Configuration Coordination: The review status (approved / rejected) of emoji is uniformly managed by ExpressionReviewStore. The emoji system only consumes mappings in the approved status, ensuring output content is safe and controllable.
Chat System
The message pipeline serves as both the data entry point and effect validation field for the learning module:
Data Collection: After each message enters the chat pipeline, metadata (user ID, group ID, message time, message type) is extracted by MessagePreprocessor and dispatched to the four types of learners as LearningTriggerEvent events. Learners decide whether to participate in analysis based on their respective filter conditions.
Asynchronous Decoupling: Learning analysis tasks are executed asynchronously via BackgroundTaskExecutor and do not block the real-time reply pipeline. Even under high user message volume, reply latency remains unaffected.
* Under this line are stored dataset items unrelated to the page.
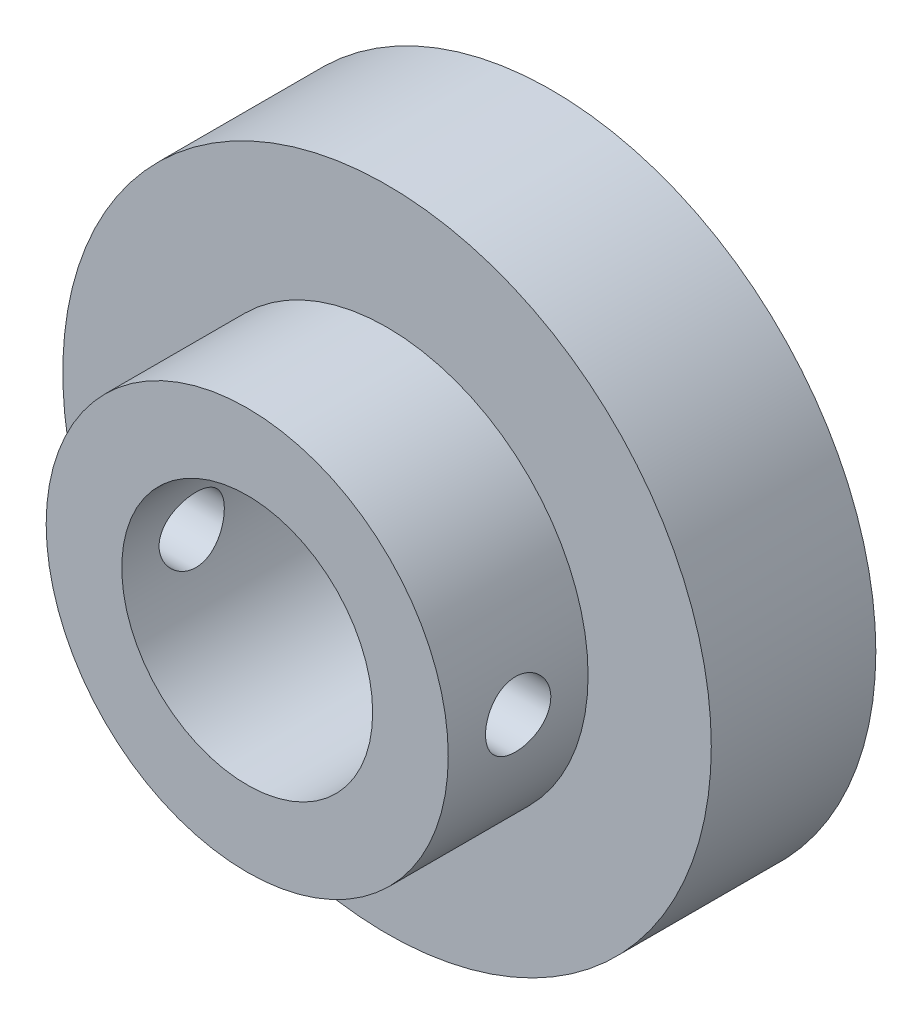
ISO-10303-21;
HEADER;
FILE_DESCRIPTION(('STEP AP214'),'2;1');
FILE_NAME('part.step','',(''),(''),'','','');
FILE_SCHEMA(('AUTOMOTIVE_DESIGN { 1 0 10303 214 1 1 1 1 }'));
ENDSEC;
DATA;
#1=APPLICATION_CONTEXT('core data for automotive mechanical design processes');
#2=APPLICATION_PROTOCOL_DEFINITION('international standard','automotive_design',2000,#1);
#3=PRODUCT_CONTEXT('',#1,'mechanical');
#4=PRODUCT('Part','Part','',(#3));
#5=PRODUCT_RELATED_PRODUCT_CATEGORY('part','',(#4));
#6=PRODUCT_DEFINITION_FORMATION('','',#4);
#7=PRODUCT_DEFINITION_CONTEXT('part definition',#1,'design');
#8=PRODUCT_DEFINITION('design','',#6,#7);
#9=PRODUCT_DEFINITION_SHAPE('','',#8);
#10=(LENGTH_UNIT() NAMED_UNIT(*) SI_UNIT(.MILLI.,.METRE.));
#11=(NAMED_UNIT(*) PLANE_ANGLE_UNIT() SI_UNIT($,.RADIAN.));
#12=(NAMED_UNIT(*) SI_UNIT($,.STERADIAN.) SOLID_ANGLE_UNIT());
#13=UNCERTAINTY_MEASURE_WITH_UNIT(LENGTH_MEASURE(1.E-05),#10,'distance_accuracy_value','');
#14=(GEOMETRIC_REPRESENTATION_CONTEXT(3) GLOBAL_UNCERTAINTY_ASSIGNED_CONTEXT((#13)) GLOBAL_UNIT_ASSIGNED_CONTEXT((#10,
#11,#12)) REPRESENTATION_CONTEXT('',''));
#15=CARTESIAN_POINT('',(0.,0.,0.));
#16=DIRECTION('',(0.,0.,1.));
#17=DIRECTION('',(1.,0.,0.));
#18=AXIS2_PLACEMENT_3D('',#15,#16,#17);
#19=CARTESIAN_POINT('',(0.,0.,10.59));
#20=DIRECTION('',(0.,0.,-1.));
#21=DIRECTION('',(-1.,0.,0.));
#22=AXIS2_PLACEMENT_3D('',#19,#20,#21);
#23=CYLINDRICAL_SURFACE('',#22,20.87);
#24=CARTESIAN_POINT('',(0.,0.,10.59));
#25=DIRECTION('',(0.,0.,1.));
#26=DIRECTION('',(1.,0.,0.));
#27=AXIS2_PLACEMENT_3D('',#24,#25,#26);
#28=CIRCLE('',#27,20.87);
#29=CARTESIAN_POINT('',(20.87,0.,10.59));
#30=VERTEX_POINT('',#29);
#31=EDGE_CURVE('E56',#30,#30,#28,.T.);
#32=ORIENTED_EDGE('',*,*,#31,.F.);
#33=EDGE_LOOP('',(#32));
#34=FACE_BOUND('',#33,.T.);
#35=CARTESIAN_POINT('',(0.,0.,0.));
#36=DIRECTION('',(0.,0.,1.));
#37=DIRECTION('',(1.,0.,0.));
#38=AXIS2_PLACEMENT_3D('',#35,#36,#37);
#39=CIRCLE('',#38,20.87);
#40=CARTESIAN_POINT('',(20.87,0.,0.));
#41=VERTEX_POINT('',#40);
#42=EDGE_CURVE('E62',#41,#41,#39,.T.);
#43=ORIENTED_EDGE('',*,*,#42,.T.);
#44=EDGE_LOOP('',(#43));
#45=FACE_BOUND('',#44,.T.);
#46=ADVANCED_FACE('F43',(#34,#45),#23,.T.);
#47=CARTESIAN_POINT('',(0.,0.,10.59));
#48=DIRECTION('',(0.,0.,1.));
#49=DIRECTION('',(1.,0.,0.));
#50=AXIS2_PLACEMENT_3D('',#47,#48,#49);
#51=PLANE('',#50);
#52=CARTESIAN_POINT('',(0.,0.,10.59));
#53=DIRECTION('',(0.,0.,1.));
#54=DIRECTION('',(1.,0.,0.));
#55=AXIS2_PLACEMENT_3D('',#52,#53,#54);
#56=CIRCLE('',#55,12.94);
#57=CARTESIAN_POINT('',(12.94,0.,10.59));
#58=VERTEX_POINT('',#57);
#59=EDGE_CURVE('E10',#58,#58,#56,.T.);
#60=ORIENTED_EDGE('',*,*,#59,.F.);
#61=EDGE_LOOP('',(#60));
#62=FACE_BOUND('',#61,.T.);
#63=ORIENTED_EDGE('',*,*,#31,.T.);
#64=EDGE_LOOP('',(#63));
#65=FACE_BOUND('',#64,.T.);
#66=ADVANCED_FACE('F112',(#62,#65),#51,.T.);
#67=CARTESIAN_POINT('',(0.,0.,0.));
#68=DIRECTION('',(0.,0.,1.));
#69=DIRECTION('',(1.,0.,0.));
#70=AXIS2_PLACEMENT_3D('',#67,#68,#69);
#71=PLANE('',#70);
#72=CARTESIAN_POINT('',(0.,0.,0.));
#73=DIRECTION('',(0.,0.,1.));
#74=DIRECTION('',(1.,0.,0.));
#75=AXIS2_PLACEMENT_3D('',#72,#73,#74);
#76=CIRCLE('',#75,8.075);
#77=CARTESIAN_POINT('',(8.075,0.,0.));
#78=VERTEX_POINT('',#77);
#79=EDGE_CURVE('E74',#78,#78,#76,.T.);
#80=ORIENTED_EDGE('',*,*,#79,.T.);
#81=EDGE_LOOP('',(#80));
#82=FACE_BOUND('',#81,.T.);
#83=ORIENTED_EDGE('',*,*,#42,.F.);
#84=EDGE_LOOP('',(#83));
#85=FACE_BOUND('',#84,.T.);
#86=ADVANCED_FACE('F110',(#82,#85),#71,.F.);
#87=CARTESIAN_POINT('',(0.,0.,19.59));
#88=DIRECTION('',(0.,0.,-1.));
#89=DIRECTION('',(-1.,0.,0.));
#90=AXIS2_PLACEMENT_3D('',#87,#88,#89);
#91=CYLINDRICAL_SURFACE('',#90,12.94);
#92=CARTESIAN_POINT('',(-12.94,0.,17.19));
#93=CARTESIAN_POINT('',(-12.9399980241754,-0.117133004778793,17.189995264999));
#94=CARTESIAN_POINT('',(-12.9383929722534,-0.234331039595752,17.1801667992868));
#95=CARTESIAN_POINT('',(-12.9321446370873,-0.465443115999579,17.1411272216284));
#96=CARTESIAN_POINT('',(-12.9274985151994,-0.579353985402283,17.1118979999609));
#97=CARTESIAN_POINT('',(-12.9156894358132,-0.800514316461485,17.0349601376974));
#98=CARTESIAN_POINT('',(-12.9085284950729,-0.907769035152397,16.9872663016627));
#99=CARTESIAN_POINT('',(-12.8924782098801,-1.11273907116277,16.8747911383677));
#100=CARTESIAN_POINT('',(-12.8835890746247,-1.21045554093364,16.8100118789502));
#101=CARTESIAN_POINT('',(-12.864978363956,-1.39447740252994,16.6645784214341));
#102=CARTESIAN_POINT('',(-12.8552506088143,-1.48068357233687,16.5837994518265));
#103=CARTESIAN_POINT('',(-12.8361066257887,-1.63838094388958,16.4089281467413));
#104=CARTESIAN_POINT('',(-12.8266904171094,-1.70987123991715,16.3148349924163));
#105=CARTESIAN_POINT('',(-12.8091757961874,-1.83650209178063,16.115328699782));
#106=CARTESIAN_POINT('',(-12.8010853699035,-1.89154510146963,16.009852884709));
#107=CARTESIAN_POINT('',(-12.7872237240288,-1.98309523426999,15.7909994432214));
#108=CARTESIAN_POINT('',(-12.7814523561055,-2.01960354294466,15.6776223227377));
#109=CARTESIAN_POINT('',(-12.7729436015328,-2.07273651696627,15.4472342336656));
#110=CARTESIAN_POINT('',(-12.7701801497652,-2.08953210428434,15.3302636644239));
#111=CARTESIAN_POINT('',(-12.7679211939708,-2.10329269462197,15.0951343916371));
#112=CARTESIAN_POINT('',(-12.7684254706247,-2.10025902851632,14.9769757683618));
#113=CARTESIAN_POINT('',(-12.7726211865325,-2.07458657261038,14.7440411275668));
#114=CARTESIAN_POINT('',(-12.7762814837238,-2.05213933980088,14.6292433555921));
#115=CARTESIAN_POINT('',(-12.7863280972952,-1.98857735786101,14.4050653381095));
#116=CARTESIAN_POINT('',(-12.7927145027339,-1.94746199886199,14.295685269722));
#117=CARTESIAN_POINT('',(-12.8075275939851,-1.84753530331627,14.0848715477765));
#118=CARTESIAN_POINT('',(-12.8159634666115,-1.78864398881776,13.9834764761779));
#119=CARTESIAN_POINT('',(-12.8339185344896,-1.65489392102395,13.7919348555006));
#120=CARTESIAN_POINT('',(-12.8434378127111,-1.58003394442559,13.7017891690369));
#121=CARTESIAN_POINT('',(-12.8626241550442,-1.41542573133163,13.5341960246369));
#122=CARTESIAN_POINT('',(-12.8722916422761,-1.32551304753351,13.4569100424071));
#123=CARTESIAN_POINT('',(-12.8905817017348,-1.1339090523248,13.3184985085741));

Effect Backtesting: The chat system periodically (default every 100 messages) compares user interaction metrics (reply rate, conversation turn length, emoji usage rate) before and after applying learning results, forming a quantitative feedback loop.
Hook Extension Points
To support plugin-based extension, the learning module provides multiple Hook interception points:
expression.* : Allows plugins to customize expression learning filter rules, or intercept and modify learning results before expression learning completes. jargon.* : Supports external dictionary injection, or custom prompt words before JargonMiner triggers LLM inference. learning.* : Global learning behavior Hook, can be used to monitor learning progress, export learning records, or force-trigger pattern decay.